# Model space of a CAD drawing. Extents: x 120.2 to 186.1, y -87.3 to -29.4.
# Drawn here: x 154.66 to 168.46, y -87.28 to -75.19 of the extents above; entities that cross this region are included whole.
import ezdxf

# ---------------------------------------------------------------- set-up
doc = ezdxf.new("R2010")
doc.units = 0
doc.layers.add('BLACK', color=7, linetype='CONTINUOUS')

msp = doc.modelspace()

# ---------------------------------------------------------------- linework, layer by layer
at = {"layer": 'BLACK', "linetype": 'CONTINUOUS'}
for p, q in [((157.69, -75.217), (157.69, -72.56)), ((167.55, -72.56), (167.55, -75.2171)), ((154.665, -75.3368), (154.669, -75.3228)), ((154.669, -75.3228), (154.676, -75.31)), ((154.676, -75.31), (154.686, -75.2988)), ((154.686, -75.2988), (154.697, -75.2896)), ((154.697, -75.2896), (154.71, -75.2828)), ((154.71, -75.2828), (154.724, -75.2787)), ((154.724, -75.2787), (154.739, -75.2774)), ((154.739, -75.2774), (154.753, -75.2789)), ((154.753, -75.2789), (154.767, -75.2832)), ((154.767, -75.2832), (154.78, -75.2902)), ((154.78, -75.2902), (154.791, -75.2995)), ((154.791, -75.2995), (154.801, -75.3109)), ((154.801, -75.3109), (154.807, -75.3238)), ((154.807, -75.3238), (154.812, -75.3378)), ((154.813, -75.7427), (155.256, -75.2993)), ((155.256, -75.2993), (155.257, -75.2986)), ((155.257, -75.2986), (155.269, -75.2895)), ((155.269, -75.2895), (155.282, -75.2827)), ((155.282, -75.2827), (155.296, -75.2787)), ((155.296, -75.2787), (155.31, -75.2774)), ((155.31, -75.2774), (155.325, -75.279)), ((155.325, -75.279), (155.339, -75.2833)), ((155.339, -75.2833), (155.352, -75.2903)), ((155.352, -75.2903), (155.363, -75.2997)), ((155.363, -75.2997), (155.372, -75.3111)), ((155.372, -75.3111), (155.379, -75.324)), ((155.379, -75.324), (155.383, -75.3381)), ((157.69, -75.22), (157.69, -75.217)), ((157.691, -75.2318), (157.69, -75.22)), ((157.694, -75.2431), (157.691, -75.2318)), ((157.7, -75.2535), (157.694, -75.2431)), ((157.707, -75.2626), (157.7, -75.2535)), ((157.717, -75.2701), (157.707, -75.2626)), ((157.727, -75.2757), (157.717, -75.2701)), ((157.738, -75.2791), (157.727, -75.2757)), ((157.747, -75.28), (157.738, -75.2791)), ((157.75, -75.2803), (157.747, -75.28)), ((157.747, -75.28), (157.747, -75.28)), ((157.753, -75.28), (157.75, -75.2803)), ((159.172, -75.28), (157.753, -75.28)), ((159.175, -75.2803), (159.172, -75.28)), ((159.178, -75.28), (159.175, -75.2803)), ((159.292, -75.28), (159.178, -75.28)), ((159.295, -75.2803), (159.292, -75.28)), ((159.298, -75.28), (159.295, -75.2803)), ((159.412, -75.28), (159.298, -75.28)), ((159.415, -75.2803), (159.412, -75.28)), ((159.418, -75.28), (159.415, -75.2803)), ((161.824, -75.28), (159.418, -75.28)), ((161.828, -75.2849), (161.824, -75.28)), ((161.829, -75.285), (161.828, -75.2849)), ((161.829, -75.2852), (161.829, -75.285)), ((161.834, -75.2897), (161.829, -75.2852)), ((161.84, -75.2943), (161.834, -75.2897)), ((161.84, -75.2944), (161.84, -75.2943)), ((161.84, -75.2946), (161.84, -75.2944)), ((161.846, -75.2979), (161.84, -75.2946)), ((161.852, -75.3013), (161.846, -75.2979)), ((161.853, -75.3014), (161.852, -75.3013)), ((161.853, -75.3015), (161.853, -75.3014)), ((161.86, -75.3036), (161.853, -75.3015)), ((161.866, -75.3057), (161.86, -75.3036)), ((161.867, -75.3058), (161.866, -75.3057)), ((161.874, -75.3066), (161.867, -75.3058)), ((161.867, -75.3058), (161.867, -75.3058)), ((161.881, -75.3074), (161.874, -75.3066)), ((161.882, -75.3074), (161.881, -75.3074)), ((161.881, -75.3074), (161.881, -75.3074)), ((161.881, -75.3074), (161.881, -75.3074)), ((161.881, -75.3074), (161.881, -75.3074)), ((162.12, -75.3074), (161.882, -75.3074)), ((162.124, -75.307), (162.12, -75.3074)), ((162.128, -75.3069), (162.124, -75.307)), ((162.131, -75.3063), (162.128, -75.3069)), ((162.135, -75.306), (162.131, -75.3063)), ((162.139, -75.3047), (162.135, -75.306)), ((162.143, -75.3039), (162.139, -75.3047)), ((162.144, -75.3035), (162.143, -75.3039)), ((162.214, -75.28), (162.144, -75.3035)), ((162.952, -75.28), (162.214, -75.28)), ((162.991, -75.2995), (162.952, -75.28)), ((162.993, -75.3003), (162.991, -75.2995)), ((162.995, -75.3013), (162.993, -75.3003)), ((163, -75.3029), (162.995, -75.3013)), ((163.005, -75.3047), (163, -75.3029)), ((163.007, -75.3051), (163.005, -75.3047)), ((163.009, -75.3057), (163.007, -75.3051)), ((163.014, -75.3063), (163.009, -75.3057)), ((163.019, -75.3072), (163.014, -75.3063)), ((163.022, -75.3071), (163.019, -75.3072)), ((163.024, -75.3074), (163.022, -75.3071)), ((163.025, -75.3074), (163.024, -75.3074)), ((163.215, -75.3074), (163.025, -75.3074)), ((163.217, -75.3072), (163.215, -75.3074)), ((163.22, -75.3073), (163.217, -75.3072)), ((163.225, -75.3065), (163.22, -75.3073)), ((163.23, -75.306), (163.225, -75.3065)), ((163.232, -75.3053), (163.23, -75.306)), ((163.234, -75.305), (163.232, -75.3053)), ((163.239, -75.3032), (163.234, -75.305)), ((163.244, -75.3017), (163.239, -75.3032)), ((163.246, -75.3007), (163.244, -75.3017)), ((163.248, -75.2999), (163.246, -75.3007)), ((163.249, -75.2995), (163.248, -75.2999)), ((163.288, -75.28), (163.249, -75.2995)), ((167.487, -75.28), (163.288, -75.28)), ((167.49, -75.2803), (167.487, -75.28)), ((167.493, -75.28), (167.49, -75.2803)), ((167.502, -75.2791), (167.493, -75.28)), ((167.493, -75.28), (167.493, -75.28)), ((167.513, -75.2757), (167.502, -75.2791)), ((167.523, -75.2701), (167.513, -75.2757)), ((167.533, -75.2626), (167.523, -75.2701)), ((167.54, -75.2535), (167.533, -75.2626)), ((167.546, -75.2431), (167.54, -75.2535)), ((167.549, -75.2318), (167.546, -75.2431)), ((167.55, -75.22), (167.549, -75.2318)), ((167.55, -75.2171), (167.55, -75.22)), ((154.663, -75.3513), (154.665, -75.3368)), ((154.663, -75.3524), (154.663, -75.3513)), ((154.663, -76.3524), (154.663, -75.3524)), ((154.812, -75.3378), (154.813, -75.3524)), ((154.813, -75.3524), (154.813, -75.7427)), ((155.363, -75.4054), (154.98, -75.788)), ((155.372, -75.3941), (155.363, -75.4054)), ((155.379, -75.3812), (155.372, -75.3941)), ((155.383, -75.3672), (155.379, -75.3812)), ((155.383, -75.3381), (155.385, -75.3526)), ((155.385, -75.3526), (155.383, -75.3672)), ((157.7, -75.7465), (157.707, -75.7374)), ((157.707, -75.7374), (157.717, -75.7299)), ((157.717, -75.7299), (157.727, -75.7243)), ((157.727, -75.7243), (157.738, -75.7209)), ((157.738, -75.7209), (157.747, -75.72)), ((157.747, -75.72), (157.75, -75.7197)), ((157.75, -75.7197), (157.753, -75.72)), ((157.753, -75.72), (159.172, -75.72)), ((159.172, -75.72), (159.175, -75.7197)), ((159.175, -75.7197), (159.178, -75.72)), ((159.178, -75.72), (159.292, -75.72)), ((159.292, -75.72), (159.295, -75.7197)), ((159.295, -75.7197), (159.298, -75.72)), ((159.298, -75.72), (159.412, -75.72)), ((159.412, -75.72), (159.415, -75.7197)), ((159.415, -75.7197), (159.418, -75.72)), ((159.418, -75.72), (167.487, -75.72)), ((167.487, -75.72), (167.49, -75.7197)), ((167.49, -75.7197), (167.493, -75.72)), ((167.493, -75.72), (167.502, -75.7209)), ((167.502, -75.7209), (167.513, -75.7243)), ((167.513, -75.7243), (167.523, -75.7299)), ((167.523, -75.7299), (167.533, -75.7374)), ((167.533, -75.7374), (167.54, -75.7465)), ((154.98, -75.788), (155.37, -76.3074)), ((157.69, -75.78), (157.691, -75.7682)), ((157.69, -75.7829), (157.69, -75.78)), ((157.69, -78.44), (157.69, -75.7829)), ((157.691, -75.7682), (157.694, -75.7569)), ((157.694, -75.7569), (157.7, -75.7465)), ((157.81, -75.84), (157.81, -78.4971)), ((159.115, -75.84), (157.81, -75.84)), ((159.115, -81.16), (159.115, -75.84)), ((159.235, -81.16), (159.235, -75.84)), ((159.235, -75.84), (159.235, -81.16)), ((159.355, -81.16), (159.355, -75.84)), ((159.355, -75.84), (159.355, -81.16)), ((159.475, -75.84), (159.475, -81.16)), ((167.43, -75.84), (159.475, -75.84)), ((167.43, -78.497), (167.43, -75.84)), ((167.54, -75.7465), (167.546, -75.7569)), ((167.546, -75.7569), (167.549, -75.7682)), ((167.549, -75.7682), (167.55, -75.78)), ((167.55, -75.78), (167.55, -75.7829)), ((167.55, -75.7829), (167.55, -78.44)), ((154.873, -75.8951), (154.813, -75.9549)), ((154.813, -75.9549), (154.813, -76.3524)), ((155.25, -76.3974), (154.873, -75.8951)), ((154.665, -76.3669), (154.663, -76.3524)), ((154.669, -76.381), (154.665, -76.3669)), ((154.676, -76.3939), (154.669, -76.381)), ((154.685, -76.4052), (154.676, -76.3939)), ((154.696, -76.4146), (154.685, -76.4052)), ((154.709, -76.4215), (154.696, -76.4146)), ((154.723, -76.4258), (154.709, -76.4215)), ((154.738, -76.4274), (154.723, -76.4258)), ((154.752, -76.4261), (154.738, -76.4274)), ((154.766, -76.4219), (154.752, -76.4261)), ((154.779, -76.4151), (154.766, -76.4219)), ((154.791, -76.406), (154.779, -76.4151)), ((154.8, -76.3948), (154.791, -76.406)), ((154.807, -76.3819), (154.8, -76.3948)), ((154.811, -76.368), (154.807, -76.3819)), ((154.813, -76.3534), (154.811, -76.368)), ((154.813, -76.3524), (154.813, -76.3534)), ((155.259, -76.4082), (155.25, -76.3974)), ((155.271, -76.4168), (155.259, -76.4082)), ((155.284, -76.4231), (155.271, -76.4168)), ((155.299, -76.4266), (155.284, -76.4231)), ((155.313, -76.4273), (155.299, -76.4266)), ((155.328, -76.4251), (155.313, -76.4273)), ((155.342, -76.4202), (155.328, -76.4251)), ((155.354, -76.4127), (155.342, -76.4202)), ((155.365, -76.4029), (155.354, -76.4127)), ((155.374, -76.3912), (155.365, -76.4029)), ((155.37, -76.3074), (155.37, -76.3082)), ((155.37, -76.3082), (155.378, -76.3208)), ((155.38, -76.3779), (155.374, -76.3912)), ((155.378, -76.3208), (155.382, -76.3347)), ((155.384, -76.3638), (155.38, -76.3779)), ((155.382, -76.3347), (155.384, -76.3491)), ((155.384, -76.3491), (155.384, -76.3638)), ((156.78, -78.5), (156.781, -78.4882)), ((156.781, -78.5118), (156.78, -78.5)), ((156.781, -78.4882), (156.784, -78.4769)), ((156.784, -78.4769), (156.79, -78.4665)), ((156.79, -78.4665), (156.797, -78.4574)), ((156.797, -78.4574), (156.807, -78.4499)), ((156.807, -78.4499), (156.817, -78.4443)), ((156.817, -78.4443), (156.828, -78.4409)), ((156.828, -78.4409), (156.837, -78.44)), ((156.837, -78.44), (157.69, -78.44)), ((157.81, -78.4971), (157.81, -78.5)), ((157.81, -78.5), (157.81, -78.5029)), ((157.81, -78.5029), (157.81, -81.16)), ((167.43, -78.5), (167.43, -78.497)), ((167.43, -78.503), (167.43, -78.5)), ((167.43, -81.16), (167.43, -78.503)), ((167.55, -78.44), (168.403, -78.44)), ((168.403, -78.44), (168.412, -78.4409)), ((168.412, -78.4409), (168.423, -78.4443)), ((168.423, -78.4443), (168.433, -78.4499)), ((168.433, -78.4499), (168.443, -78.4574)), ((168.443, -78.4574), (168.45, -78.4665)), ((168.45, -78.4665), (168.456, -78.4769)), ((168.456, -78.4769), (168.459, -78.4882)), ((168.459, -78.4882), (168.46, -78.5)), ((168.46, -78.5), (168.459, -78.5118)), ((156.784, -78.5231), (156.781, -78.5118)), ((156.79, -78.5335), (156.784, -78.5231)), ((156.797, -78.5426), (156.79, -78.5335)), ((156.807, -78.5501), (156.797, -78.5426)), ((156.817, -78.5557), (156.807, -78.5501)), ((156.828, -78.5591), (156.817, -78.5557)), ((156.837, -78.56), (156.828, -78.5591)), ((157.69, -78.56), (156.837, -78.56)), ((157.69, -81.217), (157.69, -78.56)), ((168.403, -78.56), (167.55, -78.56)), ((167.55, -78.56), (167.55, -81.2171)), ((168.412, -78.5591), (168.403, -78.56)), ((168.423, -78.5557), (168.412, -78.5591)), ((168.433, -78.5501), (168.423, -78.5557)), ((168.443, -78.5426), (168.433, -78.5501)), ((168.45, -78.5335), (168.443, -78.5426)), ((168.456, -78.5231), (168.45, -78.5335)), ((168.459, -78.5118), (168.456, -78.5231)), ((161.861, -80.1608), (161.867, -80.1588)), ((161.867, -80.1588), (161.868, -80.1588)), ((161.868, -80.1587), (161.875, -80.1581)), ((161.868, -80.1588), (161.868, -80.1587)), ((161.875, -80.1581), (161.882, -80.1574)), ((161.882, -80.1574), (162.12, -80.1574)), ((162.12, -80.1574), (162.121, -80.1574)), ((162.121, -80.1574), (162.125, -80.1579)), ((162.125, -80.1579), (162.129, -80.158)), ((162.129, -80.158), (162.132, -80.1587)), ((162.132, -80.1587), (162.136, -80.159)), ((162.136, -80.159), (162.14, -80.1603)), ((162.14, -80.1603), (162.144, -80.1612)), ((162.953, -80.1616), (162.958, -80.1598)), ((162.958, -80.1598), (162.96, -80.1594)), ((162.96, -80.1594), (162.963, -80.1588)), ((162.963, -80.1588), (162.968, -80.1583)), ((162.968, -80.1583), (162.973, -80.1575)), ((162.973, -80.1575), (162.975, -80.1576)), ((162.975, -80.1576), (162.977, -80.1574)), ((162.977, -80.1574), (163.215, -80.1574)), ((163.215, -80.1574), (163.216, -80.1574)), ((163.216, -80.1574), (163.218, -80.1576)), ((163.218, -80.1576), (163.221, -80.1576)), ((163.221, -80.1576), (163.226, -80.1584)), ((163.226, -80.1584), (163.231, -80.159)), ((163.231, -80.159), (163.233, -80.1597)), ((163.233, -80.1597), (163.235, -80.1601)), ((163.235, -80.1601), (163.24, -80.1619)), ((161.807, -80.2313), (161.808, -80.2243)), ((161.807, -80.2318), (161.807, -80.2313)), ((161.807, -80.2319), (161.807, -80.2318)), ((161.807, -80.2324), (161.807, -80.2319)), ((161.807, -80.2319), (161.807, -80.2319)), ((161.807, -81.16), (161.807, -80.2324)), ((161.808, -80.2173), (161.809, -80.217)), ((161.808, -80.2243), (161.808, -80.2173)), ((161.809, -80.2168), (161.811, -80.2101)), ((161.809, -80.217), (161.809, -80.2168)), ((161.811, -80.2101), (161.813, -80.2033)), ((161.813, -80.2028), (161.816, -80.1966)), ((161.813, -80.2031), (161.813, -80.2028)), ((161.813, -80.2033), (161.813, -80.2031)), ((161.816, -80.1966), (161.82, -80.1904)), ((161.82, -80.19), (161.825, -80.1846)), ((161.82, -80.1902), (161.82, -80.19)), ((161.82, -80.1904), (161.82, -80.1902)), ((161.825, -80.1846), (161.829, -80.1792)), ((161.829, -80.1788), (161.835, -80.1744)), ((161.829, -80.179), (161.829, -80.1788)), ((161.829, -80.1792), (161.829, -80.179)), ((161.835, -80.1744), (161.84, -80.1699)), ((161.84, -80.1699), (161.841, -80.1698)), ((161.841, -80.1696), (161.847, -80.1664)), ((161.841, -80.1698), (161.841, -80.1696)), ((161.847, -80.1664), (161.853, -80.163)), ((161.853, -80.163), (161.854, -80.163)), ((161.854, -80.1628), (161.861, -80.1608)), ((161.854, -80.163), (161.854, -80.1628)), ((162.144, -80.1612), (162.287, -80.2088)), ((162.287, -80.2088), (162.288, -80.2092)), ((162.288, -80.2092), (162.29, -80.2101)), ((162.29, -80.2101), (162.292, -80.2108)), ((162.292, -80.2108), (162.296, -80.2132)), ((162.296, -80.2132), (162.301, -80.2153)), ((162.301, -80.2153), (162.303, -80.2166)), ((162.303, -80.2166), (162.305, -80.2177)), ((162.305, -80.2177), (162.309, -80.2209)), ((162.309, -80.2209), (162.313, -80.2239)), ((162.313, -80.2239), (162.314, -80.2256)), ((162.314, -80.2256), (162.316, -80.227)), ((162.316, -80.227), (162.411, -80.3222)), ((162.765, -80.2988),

**WHAT NEEDS TO BE DONE**: Give back exactly the lines of the listing above that run from the line with "# Drawn here: x" to the line with "msp = doc.modelspace()", inclusive.

**RESPONSE TO THIS TASK**:
# Drawn here: x 154.66 to 168.46, y -87.28 to -75.19 of the extents above; entities that cross this region are included whole.
import ezdxf

# ---------------------------------------------------------------- set-up
doc = ezdxf.new("R2010")
doc.units = 0
doc.layers.add('BLACK', color=7, linetype='CONTINUOUS')

msp = doc.modelspace()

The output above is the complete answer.